Explanation of Responses:

* If the form is filed by more than one reporting person, see Instruction 4(b)(v).
** Intentional misstatements or omissions of facts constitute Federal Criminal Violations. See 18 U.S.C. 1001 and 15 U.S.C. 78ff(a).
(1) On November 10, 2006, certain Reporting Persons and/or one or more affiliates of the Reporting Persons reached an understanding with Ian Bruce Eichner to make a joint bid to acquire all of the outstanding shares of Common Stock not currently owned by the Reporting Persons or Ian Bruce Eichner. In accordance with this understanding, a letter was sent to the board of directors of the Issuer proposing to acquire by merger all of the outstanding shares of Common Stock not owned by the Reporting Persons or Ian Bruce Eichner (the "Proposal Letter") for $21 per share in cash. Solely as a result of this understanding and the Proposal Letter, the Reporting Persons and Ian Bruce Eichner may have been deemed to be a group for the reporting purposes of Form 3. On November 14, 2006, the Reporting Persons filed a Form 3 reporting the number of shares beneficially owned by them.

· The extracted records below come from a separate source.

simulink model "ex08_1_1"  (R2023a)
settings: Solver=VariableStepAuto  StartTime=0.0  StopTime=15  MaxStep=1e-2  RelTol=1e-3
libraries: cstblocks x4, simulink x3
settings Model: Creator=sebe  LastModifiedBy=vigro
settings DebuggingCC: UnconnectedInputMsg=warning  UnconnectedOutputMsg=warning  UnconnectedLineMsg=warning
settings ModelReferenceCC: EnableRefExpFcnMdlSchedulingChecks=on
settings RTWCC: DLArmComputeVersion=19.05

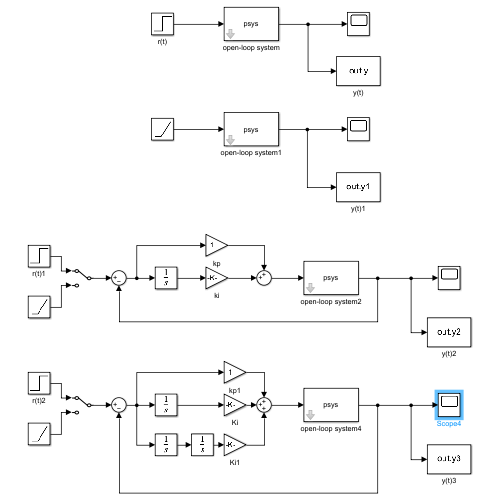
[thumbnail: Simulink's stored preview of the top-level diagram]
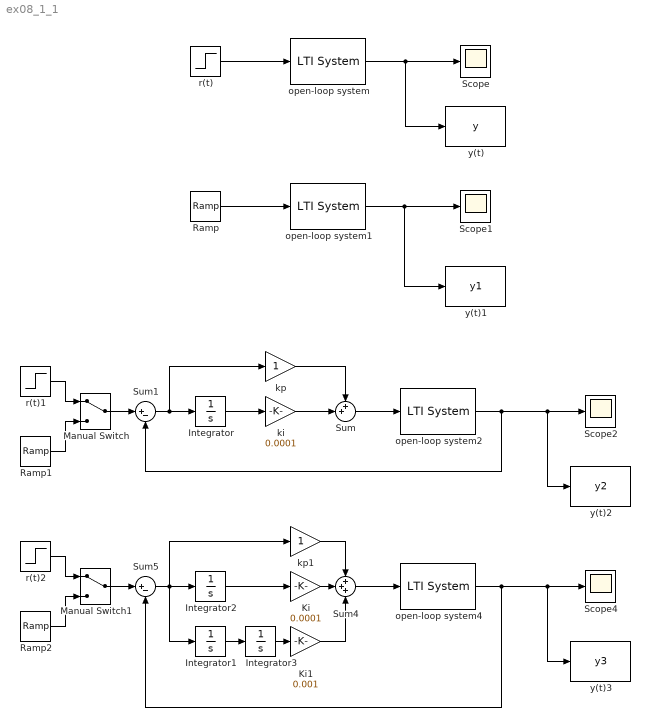
== system ex08_1_1 ==
  Integrator{,1..3} (4 alike) : Integrator
  Ki : Gain  Gain=0.0001
  Ki1 : Gain  Gain=0.001
  Manual Switch : ManualSwitch
  Manual Switch1 : ManualSwitch
  Ramp : simulink/Sources/Ramp  slope=1  start=0  InitialOutput=0
  Ramp1 : simulink/Sources/Ramp  slope=1  start=0  InitialOutput=0
  Ramp2 : simulink/Sources/Ramp  slope=1  start=0  InitialOutput=0
  Scope{,1..2,4} (4 alike) : Scope
  Sum : Sum  Inputs=++|
  Sum1 : Sum  Inputs=|+-
  Sum4 : Sum  Inputs=+++
  Sum5 : Sum  Inputs=|+-
  ki : Gain  Gain=0.0001
  kp : Gain
  kp1 : Gain
  open-loop system{,1..2,4} (4 alike) : cstblocks/LTI System  sys=psys  IC=[]
  r(t) : Step  Time=0  SampleTime=0
  r(t)1 : Step  Time=0  SampleTime=0
  r(t)2 : Step  Time=0  SampleTime=0
  y(t) : ToWorkspace  VariableName=y  SaveFormat=Timeseries  SampleTime=-1
  y(t)1 : ToWorkspace  VariableName=y1  SaveFormat=Timeseries  SampleTime=-1
  y(t)2 : ToWorkspace  VariableName=y2  SaveFormat=Timeseries  SampleTime=-1
  y(t)3 : ToWorkspace  VariableName=y3  SaveFormat=Timeseries  SampleTime=-1
  wires:
  r(t)/1 -> open-loop system/1
  open-loop system/1 -> Scope/1, y(t)/1
  Ramp/1 -> open-loop system1/1
  open-loop system1/1 -> y(t)1/1, Scope1/1
  Integrator/1 -> ki/1
  kp/1 -> Sum/1
  ki/1 -> Sum/2
  Sum/1 -> open-loop system2/1
  open-loop system2/1 -> y(t)2/1, Scope2/1, Sum1/2
  Sum1/1 -> kp/1, Integrator/1
  Sum5/1 -> Integrator1/1, kp1/1, Integrator2/1
  open-loop system4/1 -> y(t)3/1, Scope4/1, Sum5/2
  Sum4/1 -> open-loop system4/1
  kp1/1 -> Sum4/1
  Ki/1 -> Sum4/2
  Integrator2/1 -> Ki/1
  Manual Switch/1 -> Sum1/1
  r(t)1/1 -> Manual Switch/1
  Ramp1/1 -> Manual Switch/2
  Ramp2/1 -> Manual Switch1/2
  Manual Switch1/1 -> Sum5/1
  r(t)2/1 -> Manual Switch1/1
  Integrator1/1 -> Integrator3/1
  Integrator3/1 -> Ki1/1
  Ki1/1 -> Sum4/3

(2) On December 12, 2006, the Reporting Persons and Ian Bruce Eichner withdrew their acquisition proposal contemplated by the Proposal Letter and terminated all other activities permitted by the waiver and approval that the board of directors of the Issuer had granted in connection therewith. Since the Reporting Persons and Ian Bruce Eichner may no longer be deemed to be a group for the reporting purposes of Section 16 of the Securities Exchange Act of 1934 (the "Act"), and the aggregate amount of shares of Common Stock deemed to be beneficially owned by the Reporting Persons represents 9.8% of the outstanding shares of Common Stock, the Reporting Persons are no longer subject to Section 16 of the Act.
(3) The shares of Common Stock reported in Table I of this Form 4 are held by Reporting Persons as follows: (i) D. E. Shaw Laminar Portfolios, L.L.C. ("Laminar") holds 1,194,500 shares of Common Stock and (ii) D. E. Shaw Valence Portfolios, L.L.C. ("Valence") holds 24,900 shares of Common Stock.
(4) D. E. Shaw & Co., L.P. ("DESCO LP") (as investment adviser to Laminar, as managing member of and investment adviser to Valence, and as managing member of D. E. Shaw Investment Management, L.L.C. ("DESIM")), D. E. Shaw & Co., L.L.C. ("DESCO LLC") (as managing member of Laminar), and Mr. David E. Shaw ("David E. Shaw") (as president and sole shareholder of D. E. Shaw & Co., Inc., which is the general partner of DESCO LP, and as president and sole shareholder of D. E. Shaw & Co. II, Inc., which is the managing member of DESCO LLC), may be deemed to be the beneficial owners of the Common Stock of the Issuer held, or that were held, by Laminar, Valence, and DESIM for purposes of Rule 16a-1(a) of the Act.
(5) In accordance with instruction 4(b)(iv), the entire number of shares of Common Stock that may be deemed to be beneficially owned by David E. Shaw, DESCO LP, or DESCO LLC is reported herein.
(6) Each of DESCO LP, DESCO LLC, and David E. Shaw disclaims any beneficial ownership of any of the securities listed in this Form 4, except to the extent of any pecuniary interest therein.
(7) DESIM assumed management of a new account which contained 400 shares of Common Stock.